Dec 13, 2010

Instant coffee 1

Instant coffee, also called soluble coffee and coffee powder, is a beverage derived from brewed coffee beans. Instant coffee is commercially prepared by either freeze-drying or spray drying, after which it can be rehydrated. At least one brand of instant coffee is also available in concentrated liquid form.

Advantages of instant coffee include speed of preparation (instant coffee dissolves instantly in hot water), lower shipping weight and volume than beans or ground coffee (to prepare the same amount of beverage), and long shelf life—though instant coffee can also spoil if not kept dry.

History

Instant coffee was invented in 1901 by Satori Kato, a Japanese scientist working in Chicago. Kato introduced the powdered substance in Buffalo, New York, at the Pan-American Exposition.[1] George Constant Louis Washington developed his own instant coffee process shortly thereafter, and first marketed it commercially (~1910). The Nescafé brand, which introduced a more advanced coffee refining process, was launched in 1938.

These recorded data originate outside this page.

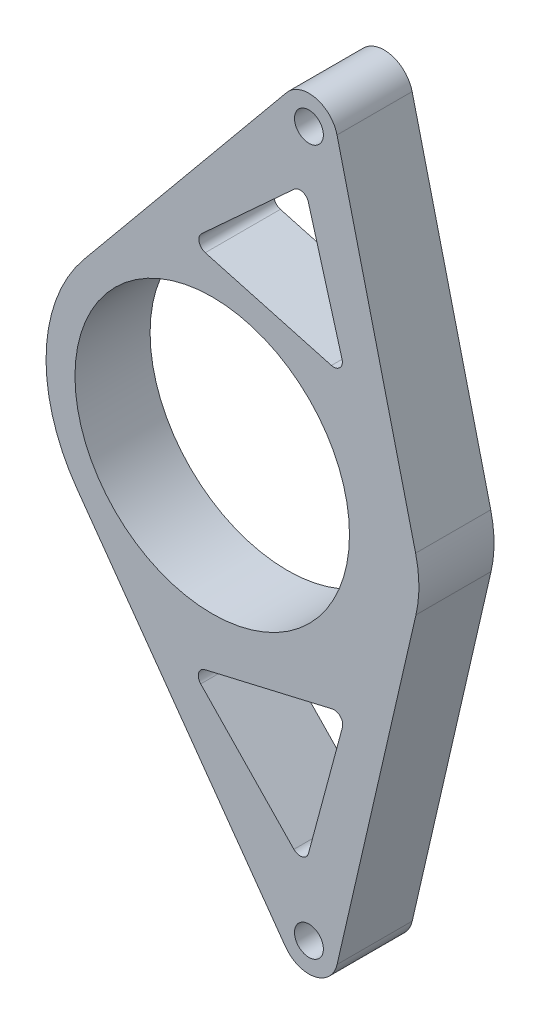
SolidWorks part; units mm, degrees
material "1023 Carbon Steel Sheet (SS)"
ref_plane "Front Plane" through (0, 0, 0) normal (0, 0, 1) x (1, 0, 0)
ref_plane "Top Plane" through (0, 0, 0) normal (0, 1, 0) x (1, 0, 0)
ref_plane "Right Plane" through (0, 0, 0) normal (1, 0, 0) x (0, 0, -1)
sketch "Sketch2" plane through (0, 0, 0) normal (0, 0, 1) x (1, 0, 0)
  line L0 (-44.3614, 36.583) -> (25.7498, 121.6016)
  line L1 (-46.8128, -33.3888) -> (25.3235, -134.5278)
  line L2 (43.2094, -130.9668) -> (70.4954, -12.5699)
  line L3 (70.382, 5.8749) -> (43.1811, 117.6048)
  line L4 (33.4649, 115.2393) -> (-221.8046, 115.2393) construction
  line L5 (33.4649, -128.721) -> (-210.4722, -128.721) construction
  line L6 (0, 0) -> (33.4649, 115.2393) construction
  line L7 (0, 0) -> (33.4649, -128.721) construction
  circle A0 centre (0, 0) radius 47.5
  arc A1 (-44.3614, 36.583) -> (-46.8128, -33.3888) centre (0, 0) ccw
  circle A2 centre (33.4649, 115.2393) radius 5
  arc A3 (43.1811, 117.6048) -> (25.7498, 121.6016) centre (33.4649, 115.2393) ccw
  arc A4 (25.3235, -134.5278) -> (43.2094, -130.9668) centre (33.4649, -128.721) ccw
  circle A5 centre (33.4649, -128.721) radius 5
  arc A6 (70.4954, -12.5699) -> (70.382, 5.8749) centre (31.5172, -3.5869) ccw
  point P23 (71.8123, 0)
  dimension "D1" = 95
  dimension "D2" = 120
  dimension "D3" = 20
  dimension "D4" = 20
  dimension "D5" = 10
  dimension "D9" = 115
  dimension "D8" = 40
  dimension "D6" = 133
  dimension "D7" = 73.807
extrude "Boss-Extrude2" add sketch "Sketch2" along normal blind 26
sketch "Sketch3" plane through (0, 0, 0) normal (0, 0, -1) x (-1, 0, 0)
  line L0 (-33.26, 92.5333) -> (-44.9203, 51.2737)
  line L1 (-41.2407, 47.5645) -> (2.4107, 59.5238)
  line L2 (3.6442, 64.6295) -> (-28.3469, 93.9297)
  line L3 (-41.4869, -55.2392) -> (2.5037, -65.4836)
  line L4 (3.9832, -70.4875) -> (-28.2565, -103.9324)
  line L5 (-33.3135, -102.6296) -> (-45.0644, -58.9403)
  arc A0 (3.9832, -70.4875) -> (2.5037, -65.4836) centre (1.8233, -68.4054) ccw
  arc A1 (-28.2565, -103.9324) -> (-33.3135, -102.6296) centre (-30.4164, -101.8504) cw
  arc A2 (-45.0644, -58.9403) -> (-41.4869, -55.2392) centre (-42.1673, -58.1611) cw
  arc A3 (2.4107, 59.5238) -> (3.6442, 64.6295) centre (1.618, 62.4172) ccw
  arc A4 (-41.2407, 47.5645) -> (-44.9203, 51.2737) centre (-42.0334, 50.4579) cw
  arc A5 (-33.26, 92.5333) -> (-28.3469, 93.9297) centre (-30.3731, 91.7174) cw
  point P5 (-31.9363, -107.7497)
  dimension "D1" = 3
extrude "Cut-Extrude1" cut sketch "Sketch3" against normal up to surface (26 mm away) up to face at (47.5, 0, 26)

High-vacuum freeze-dried coffee was developed shortly after World War II, as an indirect result of wartime research into other areas. The National Research Corp. was formed in Massachusetts as a process-development company employing high-vacuum technology. It developed high-vacuum processes to produce penicillin, blood plasma and streptomycin for US military use. As the war ended, NRC looked to adapt its processes for peacetime uses. It formed Florida Foods Corp. to produce concentrated orange juice powder, and originally sold its product to the United States Army. That company later changed its name to Minute Maid.

Use
One advantage of instant coffee is its simplicity of preparation. It is virtually impossible to spoil the product accidentally during the rehydration process, and simple instructions are printed on the back of typical instant-coffee packaging.

Instant coffee is available in powder or granulated form contained in glass jars, sachets or tins. The user controls the strength of the resulting product, by adding more or less water (for a weaker or stronger brew).
Instant coffee is also convenient for preparing iced coffee like the Greek frappé, which is popular in warmer climates and hot seasons.
In some European countries such as Spain, instant coffee is commonly mixed with hot milk instead of boiling water.

Production
As with regular coffee, the green coffee bean itself is first roasted to bring out flavour and aroma. Rotating cylinders containing the green beans and hot combustion gases are used in most roasting plants. When the bean temperature reaches 165 °C the roasting begins, accompanied by a popping sound similar to that produced by popcorn. These batch cylinders take about 8–15 minutes to complete roasting with about 25-75% efficiency. Continuous fluidized bed roasting only takes between thirty seconds and four minutes, and it operates at lower temperatures which allows greater retention of the coffee bean aroma and flavor.

The beans are then ground finely. Grinding reduces the beans to 0.5–1.1-millimetre (0.020–0.043 in) pieces in order to allow the coffee to be put in solution with water for the drying stage. Sets of scored rollers designed to crush rather than cut the bean are used.

Once roasted and ground, the coffee is dissolved in water. This stage is called extraction. Water is added in 5-10 percolation columns at temperatures of 155 to 180 °C; this concentrates the coffee solution to about 15-30% coffee by mass. This may be further concentrated before the drying process begins by either vacuum evaporation or freeze concentration.